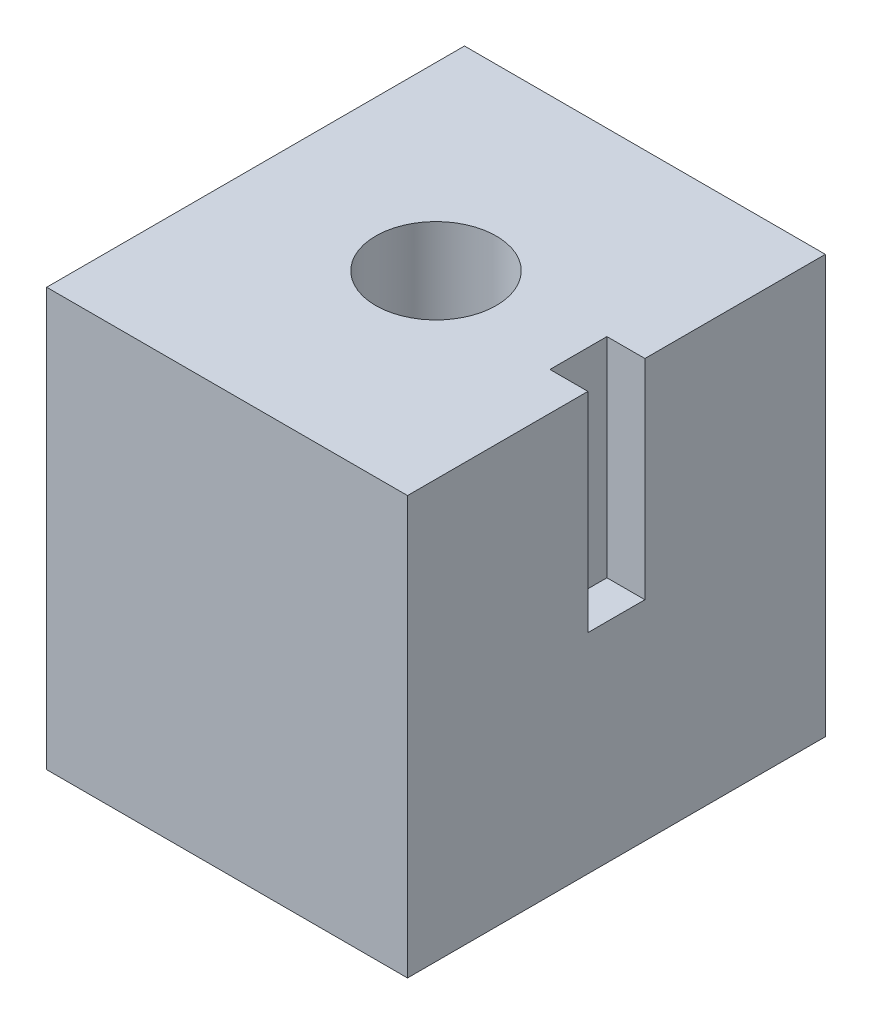
SolidWorks part; units mm, degrees
ref_plane "Front Plane" through (0, 0, 0) normal (0, 0, 1) x (1, 0, 0)
ref_plane "Top Plane" through (0, 0, 0) normal (0, 1, 0) x (1, 0, 0)
ref_plane "Right Plane" through (0, 0, 0) normal (1, 0, 0) x (0, 0, -1)
sketch "Sketch1" plane through (0, 0, 0) normal (0, 1, 0) x (1, 0, 0)
  line L1 (-9.5, -11) -> (9.5, -11)
  line L2 (-9.5, -11) -> (-9.5, 11)
  line L3 (-9.5, 11) -> (9.5, 11)
  line L4 (9.5, -11) -> (9.5, 11)
  line L5 (-9.5, -11) -> (9.5, 11) construction
  line L6 (-9.5, 11) -> (9.5, -11) construction
  point P0 (0, 0)
  dimension "D1" = 19
  dimension "D2" = 22
extrude "Boss-Extrude1" add sketch "Sketch1" against normal blind 22
sketch "Sketch2" plane through (0, 0, 0) normal (0, 1, 0) x (1, 0, 0)
  circle A0 centre (0, 0) radius 3.175
  dimension "D1" = 6.35
extrude "Cut-Extrude1" cut sketch "Sketch2" against normal up to surface (22 mm away) up to face at (0, -22, 0)
sketch "Sketch3" plane through (0, -22, 0) normal (0, -1, 0) x (1, 0, 0)
  circle A0 centre (0, 0) radius 7.5
  dimension "D1" = 15
extrude "Cut-Extrude2" cut sketch "Sketch3" against normal blind 5.5
sketch "Sketch4" plane through (0, 0, 0) normal (0, 1, 0) x (1, 0, 0)
  line L0 (-9.5, 0) -> (9.5, 0) construction
  line L1 (-9.5, 11) -> (-9.5, -11) construction
  line L2 (9.5, -11) -> (9.5, 11) construction
  line L3 (0, 11) -> (0, -11) construction
  line L4 (9.5, 1.5) -> (7.5, 1.5)
  line L5 (9.5, 1.5) -> (9.5, -1.5)
  line L6 (9.5, -1.5) -> (7.5, -1.5)
  line L7 (7.5, 1.5) -> (7.5, -1.5)
  line L8 (9.5, 1.5) -> (7.5, -1.5) construction
  line L9 (9.5, -1.5) -> (7.5, 1.5) construction
  line L10 (9.5, 11) -> (-9.5, 11) construction
  line L11 (-9.5, -11) -> (9.5, -11) construction
  point P6 (8.5, 0)
  dimension "D1" = 3
  dimension "D2" = 2
extrude "Cut-Extrude5" cut sketch "Sketch4" against normal blind 11

--------

Determine the number of lines in the entries above where the string "against" appears. Answer with the number alone.

EXERCISE SOLUTION:
4